Long-held belief that the birds don’t get concussions may not be true Woodpeckers drill into trees to get lunch - a meal of insects that live inside the wood. The birds also peck to make holes deep enough for nesting. And when the birds peck, they peck hard. Very hard. They hammer their beaks into those treesso hard that their brains may get banged up. That’s the finding of a newstudy.

The study turned up a protein in the birds’ brains that in people would suggest the presence of brain damage.

This is surprising. A woodpecker’s brain experiences a force 14 times greater than what would cause a concussion in a human. A concussion is caused by a severe blow to the head. Scientists had long assumed woodpeckers are not harmed by that pecking. In fact, some sporting-goods companies have modeled their helmets after woodpecker skulls.

Severe or repeated concussions can cause brain damage in people. And one sign of that is the buildup in the human brain of a protein called tau. It can accumulate after a concussion. Alzheimer’s disease and other disorders that attack the brain also can lead to a buildup of tau.

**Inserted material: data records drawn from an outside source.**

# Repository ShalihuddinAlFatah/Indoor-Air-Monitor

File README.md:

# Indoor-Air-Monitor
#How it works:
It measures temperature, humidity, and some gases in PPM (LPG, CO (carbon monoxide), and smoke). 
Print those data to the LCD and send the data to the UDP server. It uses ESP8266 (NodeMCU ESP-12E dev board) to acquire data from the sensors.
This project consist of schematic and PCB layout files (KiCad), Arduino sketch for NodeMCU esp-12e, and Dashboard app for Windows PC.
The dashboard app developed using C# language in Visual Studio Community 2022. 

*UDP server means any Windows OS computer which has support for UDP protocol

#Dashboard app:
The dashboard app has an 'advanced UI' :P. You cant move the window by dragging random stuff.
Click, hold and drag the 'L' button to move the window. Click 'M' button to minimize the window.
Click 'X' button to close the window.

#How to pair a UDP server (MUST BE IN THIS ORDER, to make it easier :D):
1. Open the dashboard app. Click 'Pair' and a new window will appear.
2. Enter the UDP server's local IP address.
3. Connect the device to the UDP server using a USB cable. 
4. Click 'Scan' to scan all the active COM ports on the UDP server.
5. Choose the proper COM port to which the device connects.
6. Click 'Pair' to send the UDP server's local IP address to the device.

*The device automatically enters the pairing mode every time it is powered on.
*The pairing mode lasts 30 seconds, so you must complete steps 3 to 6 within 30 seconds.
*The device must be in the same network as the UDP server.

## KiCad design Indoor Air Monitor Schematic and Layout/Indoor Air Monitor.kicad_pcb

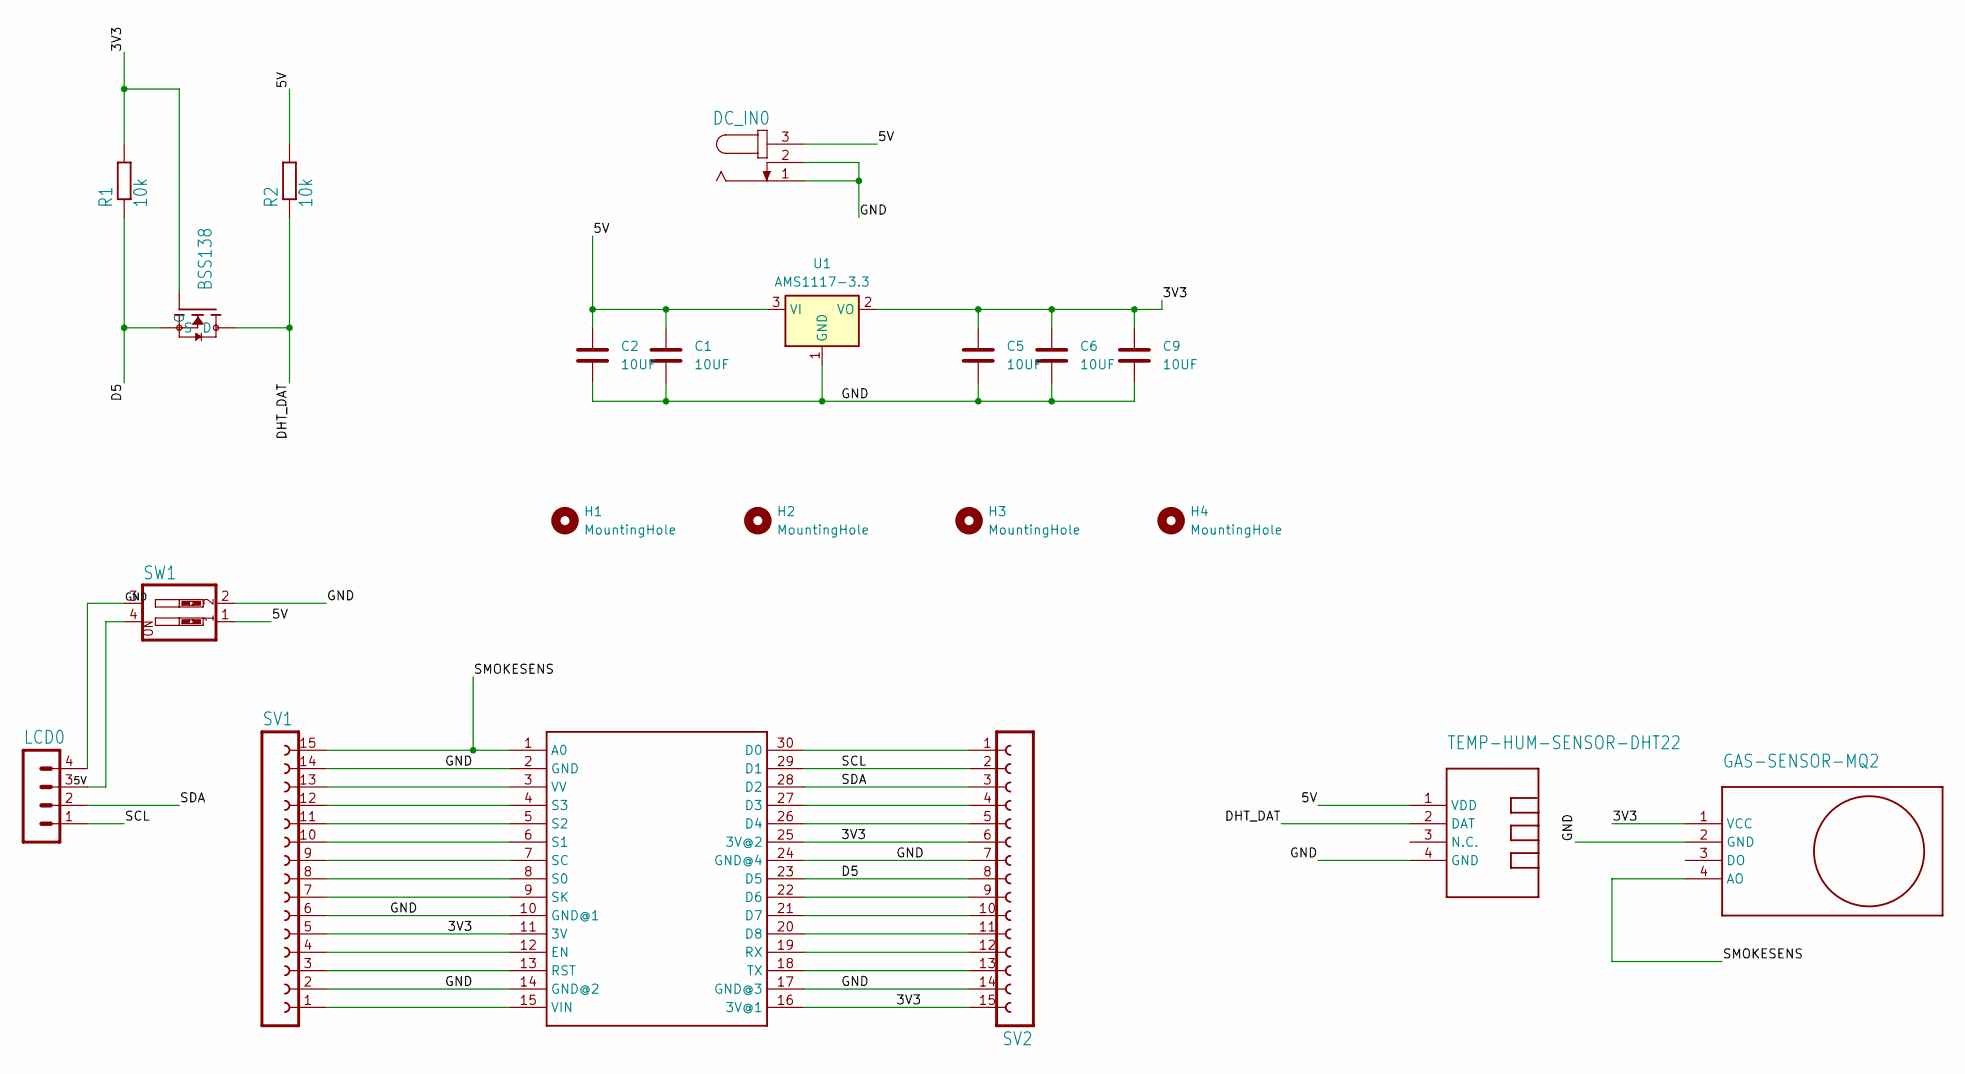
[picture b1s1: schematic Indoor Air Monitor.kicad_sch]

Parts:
C1, C2, C5, C6, C9: 10UF; C_0805_2012Metric_Pad1.18x1.45mm_HandSolder
DC_IN0: JACK-PLUG0; SPC4077
H1, H2, H3, H4: MountingHole; MountingHole_3.2mm_M3_DIN965_Pad
LCD0: MA04-1
R1, R2: 10k; R0805
SV1, SV2: FE15-1; FE15
SW1: SW_DIP-2; EDG-02
U1: AMS1117-3.3; SOT-223-3_TabPin2
U$1: NODEMCU
U$2: TEMP-HUM-SENSOR-DHT22
U$3: GAS-SENSOR-MQ2
U$4: BSS138

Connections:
/3V3: C5.1, C6.1, C9.1, R1.2, SV1.5, SV2.6, SV2.15, U1.2 (VO), U$1.11 (3V), U$1.16 (3V@1), U$1.25 (3V@2), U$3.1 (VCC), U$4.G
/5V: C1.1, C2.1, DC_IN0.3, LCD0.3, R2.2, SW1.1, SW1.4, U1.3 (VI), U$2.1 (VDD)
/D5: R1.1, SV2.8, U$1.23 (D5), U$4.S
/DHT_DAT: R2.1, U$2.2 (DAT), U$4.D
/GND: C1.2, C2.2, C5.2, C6.2, C9.2, DC_IN0.1, DC_IN0.2, LCD0.4, SV1.2, SV1.6, SV1.14, SV2.7, SV2.14, SW1.2, SW1.3, U1.1 (GND), U$1.2 (GND), U$1.10 (GND@1), U$1.14 (GND@2), U$1.17 (GND@3), U$1.24 (GND@4), U$2.4 (GND), U$3.2 (GND)
/SCL: LCD0.1, SV2.2, U$1.29 (D1)
/SDA: LCD0.2, SV2.3, U$1.28 (D2)
/SMOKESENS: SV1.15, U$1.1 (A0), U$3.4 (AO)
unnamed: SV2.1, U$1.30 (D0)
unnamed: SV2.4, U$1.27 (D3)
unnamed: SV2.5, U$1.26 (D4)
unnamed: SV2.9, U$1.22 (D6)
unnamed: SV2.10, U$1.21 (D7)
unnamed: SV2.11, U$1.20 (D8)
unnamed: SV1.4, U$1.12 (EN)
unnamed: SV1.3, U$1.13 (RST)
unnamed: SV2.12, U$1.19 (RX)
unnamed: SV1.8, U$1.8 (S0)
unnamed: SV1.10, U$1.6 (S1)
unnamed: SV1.11, U$1.5 (S2)
unnamed: SV1.12, U$1.4 (S3)
unnamed: SV1.9, U$1.7 (SC)
unnamed: SV1.7, U$1.9 (SK)
unnamed: SV2.13, U$1.18 (TX)
unnamed: SV1.1, U$1.15 (VIN)
unnamed: SV1.13, U$1.3 (VV)

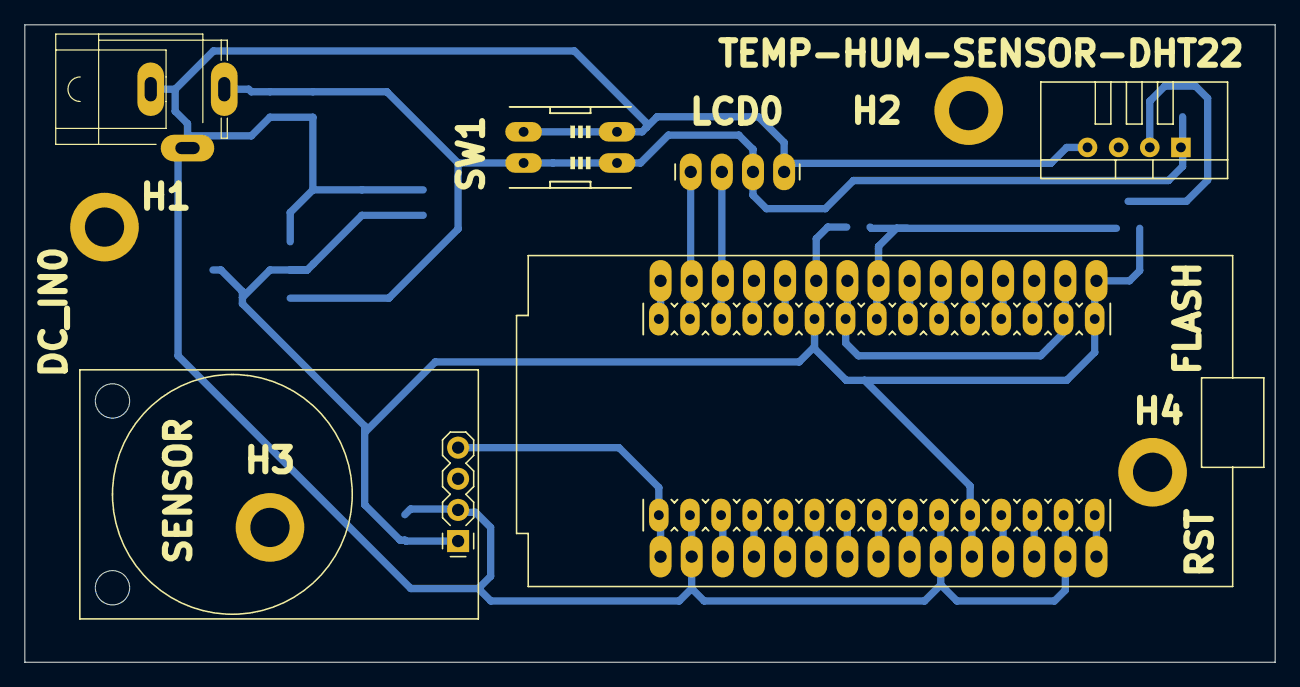
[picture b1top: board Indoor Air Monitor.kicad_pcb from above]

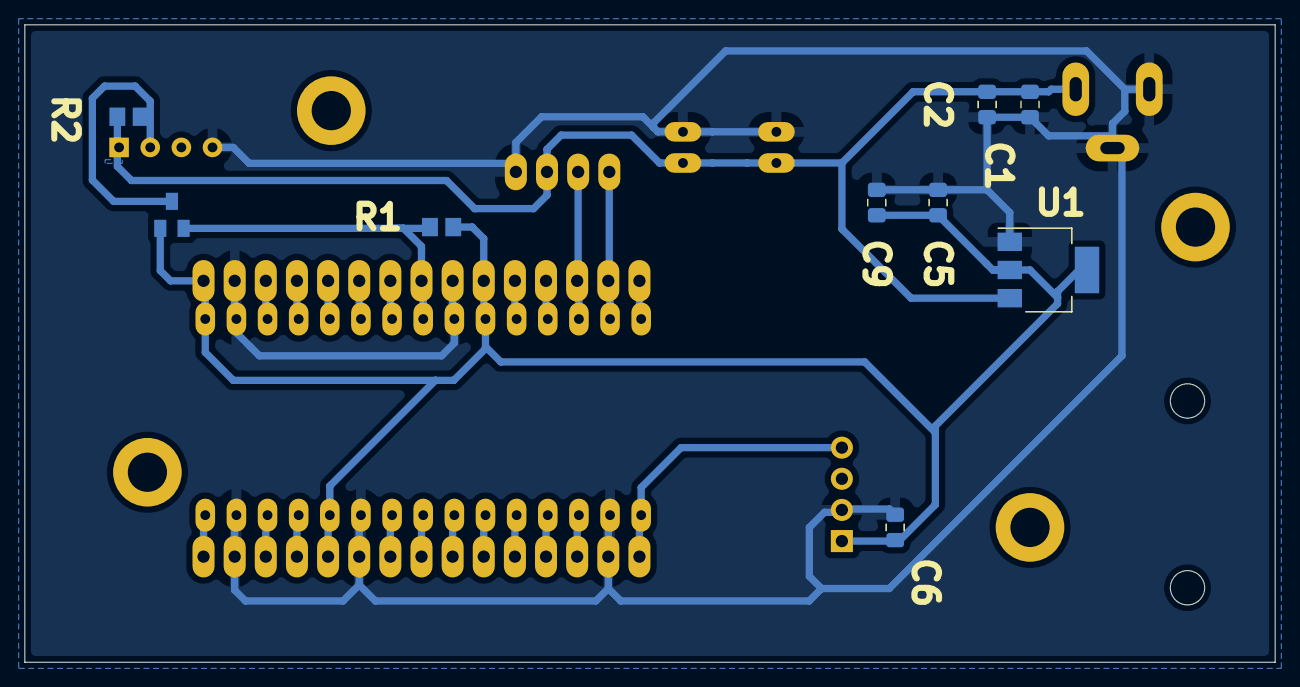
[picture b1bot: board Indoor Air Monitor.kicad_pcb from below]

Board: 2 copper layers, 102.0 x 52.0 mm, 21 parts (9 on the bottom side), 26 nets.

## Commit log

2025-02-22 Update LICENSE
2025-02-24 Add some project photos
2025-02-24 Rename 20241121_142315.jpg to The Device.jpg
2025-02-24 Rename 20241121_142500.jpg to The Dashboard App.jpg
2025-03-03 New Arduino sketch
    Just make the Arduino sketch more modular

While researchers have found tau in plenty of human brains, no one had ever looked for it - or other signs of brain injury - in woodpeckers, says George Farah. He is a biologist who studies the brain. “That’s what science is about,” he says - “questioning everything.”

Farah led the new study while he was a graduate student at Boston University in Massachusetts. His team’s findings appear February 2 in PLOS ONE.